__Exercise instructions__: Reproduce, please, only the lines from the first line below to the line containing "J2.25, U8.2 (A0)", inclusive.

[Extracted data entries]
=-=-=-=-=

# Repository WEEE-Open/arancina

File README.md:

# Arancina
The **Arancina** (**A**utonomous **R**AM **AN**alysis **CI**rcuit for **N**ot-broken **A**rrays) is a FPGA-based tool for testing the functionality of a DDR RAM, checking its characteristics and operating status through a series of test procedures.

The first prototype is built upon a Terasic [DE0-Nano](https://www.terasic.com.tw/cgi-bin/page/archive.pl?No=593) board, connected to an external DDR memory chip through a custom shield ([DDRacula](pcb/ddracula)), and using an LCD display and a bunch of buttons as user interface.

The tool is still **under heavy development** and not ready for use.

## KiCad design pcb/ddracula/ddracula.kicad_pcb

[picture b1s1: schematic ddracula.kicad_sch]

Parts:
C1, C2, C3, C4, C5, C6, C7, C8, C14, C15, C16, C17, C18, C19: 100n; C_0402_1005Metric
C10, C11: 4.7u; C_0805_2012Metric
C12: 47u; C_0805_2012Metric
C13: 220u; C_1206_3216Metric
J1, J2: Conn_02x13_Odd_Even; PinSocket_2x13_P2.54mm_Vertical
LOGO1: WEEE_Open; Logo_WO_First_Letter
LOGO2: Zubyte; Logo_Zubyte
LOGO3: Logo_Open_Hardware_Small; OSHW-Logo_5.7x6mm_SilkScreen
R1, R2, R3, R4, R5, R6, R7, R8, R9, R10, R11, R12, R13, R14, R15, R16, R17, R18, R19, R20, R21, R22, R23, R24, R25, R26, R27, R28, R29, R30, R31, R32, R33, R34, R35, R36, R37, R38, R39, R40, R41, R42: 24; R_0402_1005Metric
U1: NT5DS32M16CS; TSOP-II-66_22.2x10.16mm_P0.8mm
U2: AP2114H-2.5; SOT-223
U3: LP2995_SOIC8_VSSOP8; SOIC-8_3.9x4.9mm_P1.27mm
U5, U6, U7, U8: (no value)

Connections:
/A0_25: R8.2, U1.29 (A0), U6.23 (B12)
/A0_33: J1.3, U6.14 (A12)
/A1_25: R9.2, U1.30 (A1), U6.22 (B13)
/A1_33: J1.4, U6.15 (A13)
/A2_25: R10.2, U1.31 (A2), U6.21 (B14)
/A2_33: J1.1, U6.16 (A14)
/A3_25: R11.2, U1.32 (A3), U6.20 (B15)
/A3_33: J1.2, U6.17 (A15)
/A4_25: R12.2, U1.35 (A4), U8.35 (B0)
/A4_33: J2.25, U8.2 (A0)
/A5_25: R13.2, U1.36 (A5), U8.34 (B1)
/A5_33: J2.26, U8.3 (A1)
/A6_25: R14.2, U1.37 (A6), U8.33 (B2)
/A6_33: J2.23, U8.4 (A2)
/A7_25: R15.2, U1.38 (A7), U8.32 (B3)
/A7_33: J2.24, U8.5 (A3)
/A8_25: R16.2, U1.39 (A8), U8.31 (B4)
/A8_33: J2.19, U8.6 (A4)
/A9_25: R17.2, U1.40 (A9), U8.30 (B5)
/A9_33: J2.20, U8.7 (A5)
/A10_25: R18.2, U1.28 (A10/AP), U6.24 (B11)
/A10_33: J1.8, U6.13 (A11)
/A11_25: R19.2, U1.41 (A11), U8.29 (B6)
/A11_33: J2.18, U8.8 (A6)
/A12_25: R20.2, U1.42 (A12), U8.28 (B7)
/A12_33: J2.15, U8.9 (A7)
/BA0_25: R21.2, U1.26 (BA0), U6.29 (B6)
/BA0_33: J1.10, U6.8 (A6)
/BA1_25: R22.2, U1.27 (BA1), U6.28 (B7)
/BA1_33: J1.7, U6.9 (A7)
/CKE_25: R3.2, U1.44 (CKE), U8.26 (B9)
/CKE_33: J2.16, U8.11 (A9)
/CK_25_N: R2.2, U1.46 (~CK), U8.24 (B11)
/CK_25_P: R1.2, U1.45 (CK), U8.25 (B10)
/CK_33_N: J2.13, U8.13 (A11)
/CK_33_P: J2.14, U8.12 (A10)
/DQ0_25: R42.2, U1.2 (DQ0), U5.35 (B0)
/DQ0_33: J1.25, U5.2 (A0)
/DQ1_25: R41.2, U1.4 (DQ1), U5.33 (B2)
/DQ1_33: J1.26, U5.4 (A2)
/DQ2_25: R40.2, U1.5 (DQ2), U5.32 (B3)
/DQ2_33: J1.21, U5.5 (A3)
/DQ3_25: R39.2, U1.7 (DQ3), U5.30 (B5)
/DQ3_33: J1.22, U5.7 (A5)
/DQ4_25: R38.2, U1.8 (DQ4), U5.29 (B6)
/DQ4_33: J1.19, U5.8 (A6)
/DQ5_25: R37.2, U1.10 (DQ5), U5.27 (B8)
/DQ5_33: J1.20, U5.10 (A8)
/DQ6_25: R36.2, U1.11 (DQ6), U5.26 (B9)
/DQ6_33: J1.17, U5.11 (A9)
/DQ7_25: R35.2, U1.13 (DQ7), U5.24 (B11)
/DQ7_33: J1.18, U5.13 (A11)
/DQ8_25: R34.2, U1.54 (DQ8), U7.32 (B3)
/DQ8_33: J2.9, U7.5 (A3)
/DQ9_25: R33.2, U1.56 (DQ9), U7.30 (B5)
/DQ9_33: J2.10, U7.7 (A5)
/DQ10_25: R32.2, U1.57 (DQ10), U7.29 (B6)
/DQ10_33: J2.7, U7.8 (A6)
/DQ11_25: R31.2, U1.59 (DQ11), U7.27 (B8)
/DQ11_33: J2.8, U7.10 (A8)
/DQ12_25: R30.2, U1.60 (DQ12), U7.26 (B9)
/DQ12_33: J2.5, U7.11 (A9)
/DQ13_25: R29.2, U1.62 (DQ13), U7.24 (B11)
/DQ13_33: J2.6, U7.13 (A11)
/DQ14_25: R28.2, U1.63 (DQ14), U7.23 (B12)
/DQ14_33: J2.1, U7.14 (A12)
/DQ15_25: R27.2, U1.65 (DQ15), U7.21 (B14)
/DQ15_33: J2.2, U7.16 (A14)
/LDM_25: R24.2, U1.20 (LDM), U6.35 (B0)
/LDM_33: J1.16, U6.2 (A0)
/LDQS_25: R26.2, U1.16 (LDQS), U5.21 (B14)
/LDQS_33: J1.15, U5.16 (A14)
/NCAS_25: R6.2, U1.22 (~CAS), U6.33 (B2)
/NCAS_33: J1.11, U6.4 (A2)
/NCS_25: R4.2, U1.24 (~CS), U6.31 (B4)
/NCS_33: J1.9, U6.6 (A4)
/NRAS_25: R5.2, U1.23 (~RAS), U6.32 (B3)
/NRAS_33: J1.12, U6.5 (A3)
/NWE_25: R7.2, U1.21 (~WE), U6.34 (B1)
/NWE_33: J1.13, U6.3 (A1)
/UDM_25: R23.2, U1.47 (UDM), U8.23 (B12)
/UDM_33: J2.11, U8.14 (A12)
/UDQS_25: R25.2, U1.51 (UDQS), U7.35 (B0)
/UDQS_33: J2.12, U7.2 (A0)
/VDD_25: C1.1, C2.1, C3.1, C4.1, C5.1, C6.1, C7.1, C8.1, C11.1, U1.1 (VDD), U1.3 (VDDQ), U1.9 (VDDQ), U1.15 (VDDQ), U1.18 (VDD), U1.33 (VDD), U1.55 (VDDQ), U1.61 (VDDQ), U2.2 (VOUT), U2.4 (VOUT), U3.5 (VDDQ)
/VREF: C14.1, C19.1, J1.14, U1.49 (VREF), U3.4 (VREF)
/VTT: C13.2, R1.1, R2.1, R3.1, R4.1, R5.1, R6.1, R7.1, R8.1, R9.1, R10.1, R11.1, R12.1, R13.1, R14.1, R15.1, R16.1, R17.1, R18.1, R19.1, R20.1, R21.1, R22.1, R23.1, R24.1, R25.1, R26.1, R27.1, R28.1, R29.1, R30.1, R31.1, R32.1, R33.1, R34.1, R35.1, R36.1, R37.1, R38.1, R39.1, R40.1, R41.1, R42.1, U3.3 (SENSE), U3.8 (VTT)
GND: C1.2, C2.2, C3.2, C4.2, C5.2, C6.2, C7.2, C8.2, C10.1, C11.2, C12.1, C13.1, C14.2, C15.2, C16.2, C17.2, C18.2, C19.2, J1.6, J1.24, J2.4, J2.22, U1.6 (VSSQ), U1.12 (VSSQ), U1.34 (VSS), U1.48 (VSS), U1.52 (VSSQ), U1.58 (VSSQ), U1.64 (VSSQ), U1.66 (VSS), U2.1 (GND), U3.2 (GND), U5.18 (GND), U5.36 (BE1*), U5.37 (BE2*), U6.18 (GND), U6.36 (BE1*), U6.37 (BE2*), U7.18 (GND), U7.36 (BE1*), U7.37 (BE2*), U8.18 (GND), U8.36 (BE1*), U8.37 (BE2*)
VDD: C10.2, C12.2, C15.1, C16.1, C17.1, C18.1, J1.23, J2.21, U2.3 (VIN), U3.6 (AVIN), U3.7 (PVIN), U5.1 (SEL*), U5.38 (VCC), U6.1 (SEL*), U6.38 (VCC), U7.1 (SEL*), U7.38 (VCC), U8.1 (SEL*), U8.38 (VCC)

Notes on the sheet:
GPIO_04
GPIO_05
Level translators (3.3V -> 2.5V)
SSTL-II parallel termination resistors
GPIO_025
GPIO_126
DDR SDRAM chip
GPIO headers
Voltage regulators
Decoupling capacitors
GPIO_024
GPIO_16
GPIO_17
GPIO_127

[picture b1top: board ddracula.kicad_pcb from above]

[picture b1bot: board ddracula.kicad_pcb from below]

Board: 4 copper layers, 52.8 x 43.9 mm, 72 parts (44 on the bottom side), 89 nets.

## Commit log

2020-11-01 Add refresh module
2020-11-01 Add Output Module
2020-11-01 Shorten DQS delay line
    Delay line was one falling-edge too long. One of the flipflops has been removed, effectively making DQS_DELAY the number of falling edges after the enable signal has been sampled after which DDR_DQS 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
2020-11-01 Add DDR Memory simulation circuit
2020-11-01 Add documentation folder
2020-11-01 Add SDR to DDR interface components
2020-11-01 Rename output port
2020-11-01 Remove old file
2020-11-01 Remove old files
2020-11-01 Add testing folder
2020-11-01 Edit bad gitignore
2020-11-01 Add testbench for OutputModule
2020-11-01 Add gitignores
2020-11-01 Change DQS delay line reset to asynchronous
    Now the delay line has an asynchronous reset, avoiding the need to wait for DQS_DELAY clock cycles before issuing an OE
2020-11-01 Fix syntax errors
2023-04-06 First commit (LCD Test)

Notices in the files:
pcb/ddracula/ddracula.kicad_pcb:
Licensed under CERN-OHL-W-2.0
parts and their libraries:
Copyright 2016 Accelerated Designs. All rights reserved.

=-=-=-=-=

__Answer box__:
# Repository WEEE-Open/arancina

File README.md:

# Arancina
The **Arancina** (**A**utonomous **R**AM **AN**alysis **CI**rcuit for **N**ot-broken **A**rrays) is a FPGA-based tool for testing the functionality of a DDR RAM, checking its characteristics and operating status through a series of test procedures.

The first prototype is built upon a Terasic [DE0-Nano](https://www.terasic.com.tw/cgi-bin/page/archive.pl?No=593) board, connected to an external DDR memory chip through a custom shield ([DDRacula](pcb/ddracula)), and using an LCD display and a bunch of buttons as user interface.

The tool is still **under heavy development** and not ready for use.

## KiCad design pcb/ddracula/ddracula.kicad_pcb

[picture b1s1: schematic ddracula.kicad_sch]

Parts:
C1, C2, C3, C4, C5, C6, C7, C8, C14, C15, C16, C17, C18, C19: 100n; C_0402_1005Metric
C10, C11: 4.7u; C_0805_2012Metric
C12: 47u; C_0805_2012Metric
C13: 220u; C_1206_3216Metric
J1, J2: Conn_02x13_Odd_Even; PinSocket_2x13_P2.54mm_Vertical
LOGO1: WEEE_Open; Logo_WO_First_Letter
LOGO2: Zubyte; Logo_Zubyte
LOGO3: Logo_Open_Hardware_Small; OSHW-Logo_5.7x6mm_SilkScreen
R1, R2, R3, R4, R5, R6, R7, R8, R9, R10, R11, R12, R13, R14, R15, R16, R17, R18, R19, R20, R21, R22, R23, R24, R25, R26, R27, R28, R29, R30, R31, R32, R33, R34, R35, R36, R37, R38, R39, R40, R41, R42: 24; R_0402_1005Metric
U1: NT5DS32M16CS; TSOP-II-66_22.2x10.16mm_P0.8mm
U2: AP2114H-2.5; SOT-223
U3: LP2995_SOIC8_VSSOP8; SOIC-8_3.9x4.9mm_P1.27mm
U5, U6, U7, U8: (no value)

Connections:
/A0_25: R8.2, U1.29 (A0), U6.23 (B12)
/A0_33: J1.3, U6.14 (A12)
/A1_25: R9.2, U1.30 (A1), U6.22 (B13)
/A1_33: J1.4, U6.15 (A13)
/A2_25: R10.2, U1.31 (A2), U6.21 (B14)
/A2_33: J1.1, U6.16 (A14)
/A3_25: R11.2, U1.32 (A3), U6.20 (B15)
/A3_33: J1.2, U6.17 (A15)
/A4_25: R12.2, U1.35 (A4), U8.35 (B0)
/A4_33: J2.25, U8.2 (A0)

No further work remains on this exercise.